The work of an audiovisual production company supports a great deal of myths associated with fleeting moments of glamour and celebration when a great part of the work has already been completed.
The festivals, premieres, awards and interviews are a recognition, deserved or not, to a sort of invisible journey through an unknown desert. This journey has been lived and crudely described by Pau Subirós in his book “El productor accidental”. We had the opportunity of speaking with Pau in Barcelona when he and the director Neus Ballús where still producing the feature film “The Plague”, the trigger of this book.
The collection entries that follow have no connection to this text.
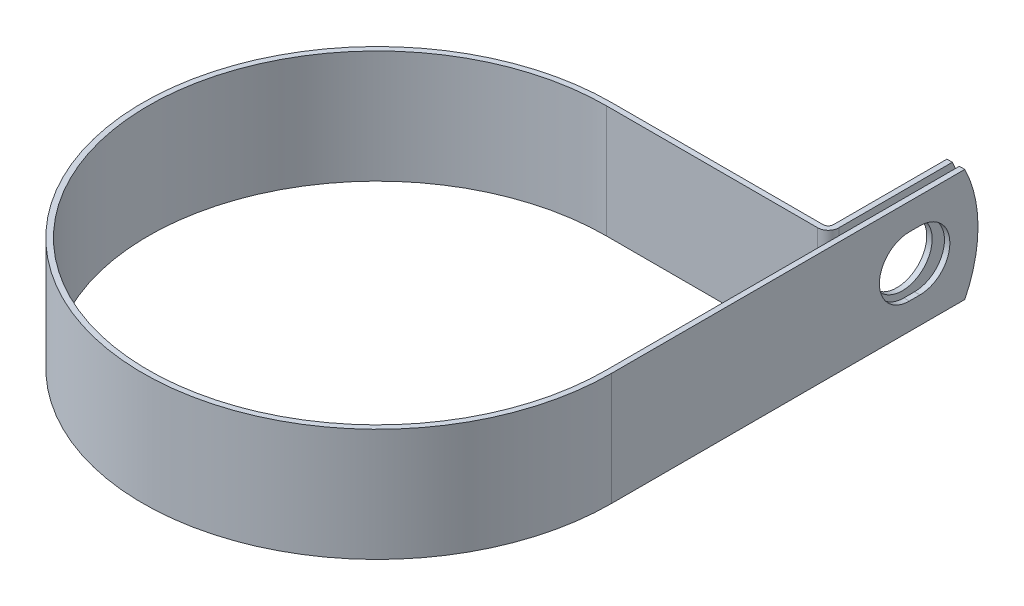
ISO-10303-21;
HEADER;
FILE_DESCRIPTION(('STEP AP214'),'2;1');
FILE_NAME('part.step','',(''),(''),'','','');
FILE_SCHEMA(('AUTOMOTIVE_DESIGN { 1 0 10303 214 1 1 1 1 }'));
ENDSEC;
DATA;
#1=APPLICATION_CONTEXT('core data for automotive mechanical design processes');
#2=APPLICATION_PROTOCOL_DEFINITION('international standard','automotive_design',2000,#1);
#3=PRODUCT_CONTEXT('',#1,'mechanical');
#4=PRODUCT('Part','Part','',(#3));
#5=PRODUCT_RELATED_PRODUCT_CATEGORY('part','',(#4));
#6=PRODUCT_DEFINITION_FORMATION('','',#4);
#7=PRODUCT_DEFINITION_CONTEXT('part definition',#1,'design');
#8=PRODUCT_DEFINITION('design','',#6,#7);
#9=PRODUCT_DEFINITION_SHAPE('','',#8);
#10=(LENGTH_UNIT() NAMED_UNIT(*) SI_UNIT(.MILLI.,.METRE.));
#11=(NAMED_UNIT(*) PLANE_ANGLE_UNIT() SI_UNIT($,.RADIAN.));
#12=(NAMED_UNIT(*) SI_UNIT($,.STERADIAN.) SOLID_ANGLE_UNIT());
#13=UNCERTAINTY_MEASURE_WITH_UNIT(LENGTH_MEASURE(1.E-05),#10,'distance_accuracy_value','');
#14=(GEOMETRIC_REPRESENTATION_CONTEXT(3) GLOBAL_UNCERTAINTY_ASSIGNED_CONTEXT((#13)) GLOBAL_UNIT_ASSIGNED_CONTEXT((#10,
#11,#12)) REPRESENTATION_CONTEXT('',''));
#15=CARTESIAN_POINT('',(0.,0.,0.));
#16=DIRECTION('',(0.,0.,1.));
#17=DIRECTION('',(1.,0.,0.));
#18=AXIS2_PLACEMENT_3D('',#15,#16,#17);
#19=CARTESIAN_POINT('',(51.5874,12.7,0.));
#20=DIRECTION('',(-1.,0.,0.));
#21=DIRECTION('',(0.,0.,1.));
#22=AXIS2_PLACEMENT_3D('',#19,#20,#21);
#23=PLANE('',#22);
#24=DIRECTION('',(0.,0.,-1.));
#25=VECTOR('',#24,1.);
#26=CARTESIAN_POINT('',(51.5874,-6.7437,-67.0559999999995));
#27=LINE('',#26,#25);
#28=CARTESIAN_POINT('',(51.5874,-6.7437,-67.0559999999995));
#29=VERTEX_POINT('',#28);
#30=CARTESIAN_POINT('',(51.5874,-6.7437,-69.4436000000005));
#31=VERTEX_POINT('',#30);
#32=EDGE_CURVE('E218',#29,#31,#27,.T.);
#33=ORIENTED_EDGE('',*,*,#32,.T.);
#34=CARTESIAN_POINT('',(51.5874,0.,-69.4435999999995));
#35=DIRECTION('',(-1.,0.,0.));
#36=DIRECTION('',(0.,0.,1.));
#37=AXIS2_PLACEMENT_3D('',#34,#35,#36);
#38=CIRCLE('',#37,6.7437);
#39=CARTESIAN_POINT('',(51.5874,6.7437,-69.4436000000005));
#40=VERTEX_POINT('',#39);
#41=EDGE_CURVE('E239',#31,#40,#38,.F.);
#42=ORIENTED_EDGE('',*,*,#41,.T.);
#43=DIRECTION('',(0.,0.,1.));
#44=VECTOR('',#43,1.);
#45=CARTESIAN_POINT('',(51.5874,6.7437,-67.0559999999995));
#46=LINE('',#45,#44);
#47=CARTESIAN_POINT('',(51.5874,6.7437,-67.0559999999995));
#48=VERTEX_POINT('',#47);
#49=EDGE_CURVE('E235',#40,#48,#46,.T.);
#50=ORIENTED_EDGE('',*,*,#49,.T.);
#51=CARTESIAN_POINT('',(51.5874,0.,-67.0559999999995));
#52=DIRECTION('',(-1.,0.,0.));
#53=DIRECTION('',(0.,0.,1.));
#54=AXIS2_PLACEMENT_3D('',#51,#52,#53);
#55=CIRCLE('',#54,6.7437);
#56=EDGE_CURVE('E230',#48,#29,#55,.F.);
#57=ORIENTED_EDGE('',*,*,#56,.T.);
#58=EDGE_LOOP('',(#33,#42,#50,#57));
#59=FACE_BOUND('',#58,.T.);
#60=CARTESIAN_POINT('',(51.5874,0.,-53.9496));
#61=DIRECTION('',(-1.,0.,0.));
#62=DIRECTION('',(0.,0.,1.));
#63=AXIS2_PLACEMENT_3D('',#60,#61,#62);
#64=CIRCLE('',#63,28.575);
#65=CARTESIAN_POINT('',(51.5874,12.7,-79.5472683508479));
#66=VERTEX_POINT('',#65);
#67=CARTESIAN_POINT('',(51.5874,-12.7,-79.5472683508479));
#68=VERTEX_POINT('',#67);
#69=EDGE_CURVE('E57',#66,#68,#64,.T.);
#70=ORIENTED_EDGE('',*,*,#69,.T.);
#71=DIRECTION('',(0.,0.,-1.));
#72=VECTOR('',#71,1.);
#73=CARTESIAN_POINT('',(51.5874,-12.7,0.));
#74=LINE('',#73,#72);
#75=CARTESIAN_POINT('',(51.5874,-12.7,0.));
#76=VERTEX_POINT('',#75);
#77=EDGE_CURVE('E253',#76,#68,#74,.T.);
#78=ORIENTED_EDGE('',*,*,#77,.F.);
#79=DIRECTION('',(0.,-1.,0.));
#80=VECTOR('',#79,1.);
#81=CARTESIAN_POINT('',(51.5874,12.7,0.));
#82=LINE('',#81,#80);
#83=CARTESIAN_POINT('',(51.5874,12.7,0.));
#84=VERTEX_POINT('',#83);
#85=EDGE_CURVE('E200',#84,#76,#82,.T.);
#86=ORIENTED_EDGE('',*,*,#85,.F.);
#87=DIRECTION('',(0.,0.,-1.));
#88=VECTOR('',#87,1.);
#89=CARTESIAN_POINT('',(51.5874,12.7,-51.5874));
#90=LINE('',#89,#88);
#91=EDGE_CURVE('E255',#84,#66,#90,.T.);
#92=ORIENTED_EDGE('',*,*,#91,.T.);
#93=EDGE_LOOP('',(#70,#78,#86,#92));
#94=FACE_BOUND('',#93,.T.);
#95=ADVANCED_FACE('F36',(#59,#94),#23,.T.);
#96=CARTESIAN_POINT('',(50.0126,12.7,-82.5246));
#97=DIRECTION('',(1.,0.,0.));
#98=DIRECTION('',(0.,0.,-1.));
#99=AXIS2_PLACEMENT_3D('',#96,#97,#98);
#100=PLANE('',#99);
#101=CARTESIAN_POINT('',(50.0126,0.,-68.2498));
#102=DIRECTION('',(1.,0.,0.));
#103=DIRECTION('',(0.,0.,-1.));
#104=AXIS2_PLACEMENT_3D('',#101,#102,#103);
#105=CIRCLE('',#104,6.7437);
#106=CARTESIAN_POINT('',(50.0126,0.,-61.5061));
#107=VERTEX_POINT('',#106);
#108=EDGE_CURVE('E250',#107,#107,#105,.F.);
#109=ORIENTED_EDGE('',*,*,#108,.T.);
#110=EDGE_LOOP('',(#109));
#111=FACE_BOUND('',#110,.T.);
#112=DIRECTION('',(0.,0.,1.));
#113=VECTOR('',#112,1.);
#114=CARTESIAN_POINT('',(50.0126,-12.7,-82.5246));
#115=LINE('',#114,#113);
#116=CARTESIAN_POINT('',(50.0126,-12.7,-79.5472683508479));
#117=VERTEX_POINT('',#116);
#118=CARTESIAN_POINT('',(50.0126,-12.7,-53.96484));
#119=VERTEX_POINT('',#118);
#120=EDGE_CURVE('E166',#117,#119,#115,.T.);
#121=ORIENTED_EDGE('',*,*,#120,.F.);
#122=CARTESIAN_POINT('',(50.0126,0.,-53.9496));
#123=DIRECTION('',(1.,0.,0.));
#124=DIRECTION('',(0.,0.,-1.));
#125=AXIS2_PLACEMENT_3D('',#122,#123,#124);
#126=CIRCLE('',#125,28.575);
#127=CARTESIAN_POINT('',(50.0126,12.7,-79.5472683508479));
#128=VERTEX_POINT('',#127);
#129=EDGE_CURVE('E158',#117,#128,#126,.T.);
#130=ORIENTED_EDGE('',*,*,#129,.T.);
#131=DIRECTION('',(0.,0.,1.));
#132=VECTOR('',#131,1.);
#133=CARTESIAN_POINT('',(50.0126,12.7,-82.5246));
#134=LINE('',#133,#132);
#135=CARTESIAN_POINT('',(50.0126,12.7,-53.96484));
#136=VERTEX_POINT('',#135);
#137=EDGE_CURVE('E206',#128,#136,#134,.T.);
#138=ORIENTED_EDGE('',*,*,#137,.T.);
#139=DIRECTION('',(0.,-1.,0.));
#140=VECTOR('',#139,1.);
#141=CARTESIAN_POINT('',(50.0126,12.7,-53.96484));
#142=LINE('',#141,#140);
#143=EDGE_CURVE('E193',#136,#119,#142,.T.);
#144=ORIENTED_EDGE('',*,*,#143,.T.);
#145=EDGE_LOOP('',(#121,#130,#138,#144));
#146=FACE_BOUND('',#145,.T.);
#147=ADVANCED_FACE('F208',(#111,#146),#100,.T.);
#148=CARTESIAN_POINT('',(48.7934,12.7,-82.5246));
#149=DIRECTION('',(1.,0.,0.));
#150=DIRECTION('',(0.,0.,-1.));
#151=AXIS2_PLACEMENT_3D('',#148,#149,#150);
#152=PLANE('',#151);
#153=CARTESIAN_POINT('',(48.7934,0.,-68.2498));
#154=DIRECTION('',(-1.,0.,0.));
#155=DIRECTION('',(0.,0.,1.));
#156=AXIS2_PLACEMENT_3D('',#153,#154,#155);
#157=CIRCLE('',#156,6.7437);
#158=CARTESIAN_POINT('',(48.7934,0.,-61.5061));
#159=VERTEX_POINT('',#158);
#160=EDGE_CURVE('E247',#159,#159,#157,.T.);
#161=ORIENTED_EDGE('',*,*,#160,.F.);
#162=EDGE_LOOP('',(#161));
#163=FACE_BOUND('',#162,.T.);
#164=CARTESIAN_POINT('',(48.7934,0.,-53.9496));
#165=DIRECTION('',(-1.,0.,0.));
#166=DIRECTION('',(0.,0.,1.));
#167=AXIS2_PLACEMENT_3D('',#164,#165,#166);
#168=CIRCLE('',#167,28.575);
#169=CARTESIAN_POINT('',(48.7934,12.7,-79.5472683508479));
#170=VERTEX_POINT('',#169);
#171=CARTESIAN_POINT('',(48.7934,-12.7,-79.5472683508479));
#172=VERTEX_POINT('',#171);
#173=EDGE_CURVE('E49',#170,#172,#168,.T.);
#174=ORIENTED_EDGE('',*,*,#173,.T.);
#175=DIRECTION('',(0.,0.,1.));
#176=VECTOR('',#175,1.);
#177=CARTESIAN_POINT('',(48.7934,-12.7,-82.5246));
#178=LINE('',#177,#176);
#179=CARTESIAN_POINT('',(48.7934,-12.7,-53.96484));
#180=VERTEX_POINT('',#179);
#181=EDGE_CURVE('E149',#172,#180,#178,.T.);
#182=ORIENTED_EDGE('',*,*,#181,.T.);
#183=DIRECTION('',(0.,-1.,0.));
#184=VECTOR('',#183,1.);
#185=CARTESIAN_POINT('',(48.7934,12.7,-53.96484));
#186=LINE('',#185,#184);
#187=CARTESIAN_POINT('',(48.7934,12.7,-53.96484));
#188=VERTEX_POINT('',#187);
#189=EDGE_CURVE('E191',#188,#180,#186,.T.);
#190=ORIENTED_EDGE('',*,*,#189,.F.);
#191=DIRECTION('',(0.,0.,1.));
#192=VECTOR('',#191,1.);
#193=CARTESIAN_POINT('',(48.7934,12.7,-82.5246));
#194=LINE('',#193,#192);
#195=EDGE_CURVE('E151',#170,#188,#194,.T.);
#196=ORIENTED_EDGE('',*,*,#195,.F.);
#197=EDGE_LOOP('',(#174,#182,#190,#196));
#198=FACE_BOUND('',#197,.T.);
#199=ADVANCED_FACE('F146',(#163,#198),#152,.F.);
#200=CARTESIAN_POINT('',(52.8066,12.7,0.));
#201=DIRECTION('',(-1.,0.,0.));
#202=DIRECTION('',(0.,0.,1.));
#203=AXIS2_PLACEMENT_3D('',#200,#201,#202);
#204=PLANE('',#203);
#205=CARTESIAN_POINT('',(52.8066,0.,-69.4435999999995));
#206=DIRECTION('',(1.,0.,0.));
#207=DIRECTION('',(0.,0.,-1.));
#208=AXIS2_PLACEMENT_3D('',#205,#206,#207);
#209=CIRCLE('',#208,6.7437);
#210=CARTESIAN_POINT('',(52.8066,-6.7437,-69.4436000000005));
#211=VERTEX_POINT('',#210);
#212=CARTESIAN_POINT('',(52.8066,6.7437,-69.4436000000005));
#213=VERTEX_POINT('',#212);
#214=EDGE_CURVE('E219',#211,#213,#209,.T.);
#215=ORIENTED_EDGE('',*,*,#214,.F.);
#216=DIRECTION('',(0.,0.,-1.));
#217=VECTOR('',#216,1.);
#218=CARTESIAN_POINT('',(52.8066,-6.7437,-67.0559999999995));
#219=LINE('',#218,#217);
#220=CARTESIAN_POINT('',(52.8066,-6.7437,-67.0559999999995));
#221=VERTEX_POINT('',#220);
#222=EDGE_CURVE('E222',#221,#211,#219,.T.);
#223=ORIENTED_EDGE('',*,*,#222,.F.);
#224=CARTESIAN_POINT('',(52.8066,0.,-67.0559999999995));
#225=DIRECTION('',(1.,0.,0.));
#226=DIRECTION('',(0.,0.,-1.));
#227=AXIS2_PLACEMENT_3D('',#224,#225,#226);
#228=CIRCLE('',#227,6.7437);
#229=CARTESIAN_POINT('',(52.8066,6.7437,-67.0559999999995));
#230=VERTEX_POINT('',#229);
#231=EDGE_CURVE('E212',#230,#221,#228,.T.);
#232=ORIENTED_EDGE('',*,*,#231,.F.);
#233=DIRECTION('',(0.,0.,1.));
#234=VECTOR('',#233,1.);
#235=CARTESIAN_POINT('',(52.8066,6.7437,-67.0559999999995));
#236=LINE('',#235,#234);
#237=EDGE_CURVE('E216',#213,#230,#236,.T.);
#238=ORIENTED_EDGE('',*,*,#237,.F.);
#239=EDGE_LOOP('',(#215,#223,#232,#238));
#240=FACE_BOUND('',#239,.T.);
#241=DIRECTION('',(0.,0.,-1.));
#242=VECTOR('',#241,1.);
#243=CARTESIAN_POINT('',(52.8066,-12.7,0.));
#244=LINE('',#243,#242);
#245=CARTESIAN_POINT('',(52.8066,-12.7,0.));
#246=VERTEX_POINT('',#245);
#247=CARTESIAN_POINT('',(52.8066,-12.7,-79.5472683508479));
#248=VERTEX_POINT('',#247);
#249=EDGE_CURVE('E177',#246,#248,#244,.T.);
#250=ORIENTED_EDGE('',*,*,#249,.T.);
#251=CARTESIAN_POINT('',(52.8066,0.,-53.9496));
#252=DIRECTION('',(-1.,0.,0.));
#253=DIRECTION('',(0.,0.,1.));
#254=AXIS2_PLACEMENT_3D('',#251,#252,#253);
#255=CIRCLE('',#254,28.575);
#256=CARTESIAN_POINT('',(52.8066,12.7,-79.5472683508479));
#257=VERTEX_POINT('',#256);
#258=EDGE_CURVE('E152',#257,#248,#255,.T.);
#259=ORIENTED_EDGE('',*,*,#258,.F.);
#260=DIRECTION('',(0.,0.,-1.));
#261=VECTOR('',#260,1.);
#262=CARTESIAN_POINT('',(52.8066,12.7,-51.5874));
#263=LINE('',#262,#261);
#264=CARTESIAN_POINT('',(52.8066,12.7,0.));
#265=VERTEX_POINT('',#264);
#266=EDGE_CURVE('E180',#265,#257,#263,.T.);
#267=ORIENTED_EDGE('',*,*,#266,.F.);
#268=DIRECTION('',(0.,-1.,0.));
#269=VECTOR('',#268,1.);
#270=CARTESIAN_POINT('',(52.8066,12.7,0.));
#271=LINE('',#270,#269);
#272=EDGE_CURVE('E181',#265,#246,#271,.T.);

Pau is a young producer of El Kinógraf, a modest production company, like the most of them, that one day decided to embark, out of love, in production.
In Mosaic we have been producing documentaries for years and it would be illusive to say that the premiere of a production heaps the months dedicated to raise financing and completing through thick and thin, the production of any audiovisual work.
The pleasure of our work is strong and lives discreetly in the overcoming of challenges that the construction of audiovisuals entails. There are moments in that our work exhales masochism. Others, it is no more than an obstinate and pleasing act of observation and narration.
Pau Subirós affirms, with reason, that every movie is learned to be made once it’s finished. Every project is a new challenge in which we face new financing models, new languages and esthetic approximations different to those made in the past. This non-repetition contains, precisely, part of the poison that hooks those of us who live of productions.
We could say that production is framed in a philosophy of resistance that combines the eternal learning with the detachment towards the experimented formulas. It requires a predisposition to the transiting of inhospitable places; it obliges a constant management of the ego. It is necessary to overcome the scratches, lick the wounds and keep going towards the goal.
“El productor accidental” is a necessary book in our industry. Everyone that works or wants to work in audiovisual production should read it.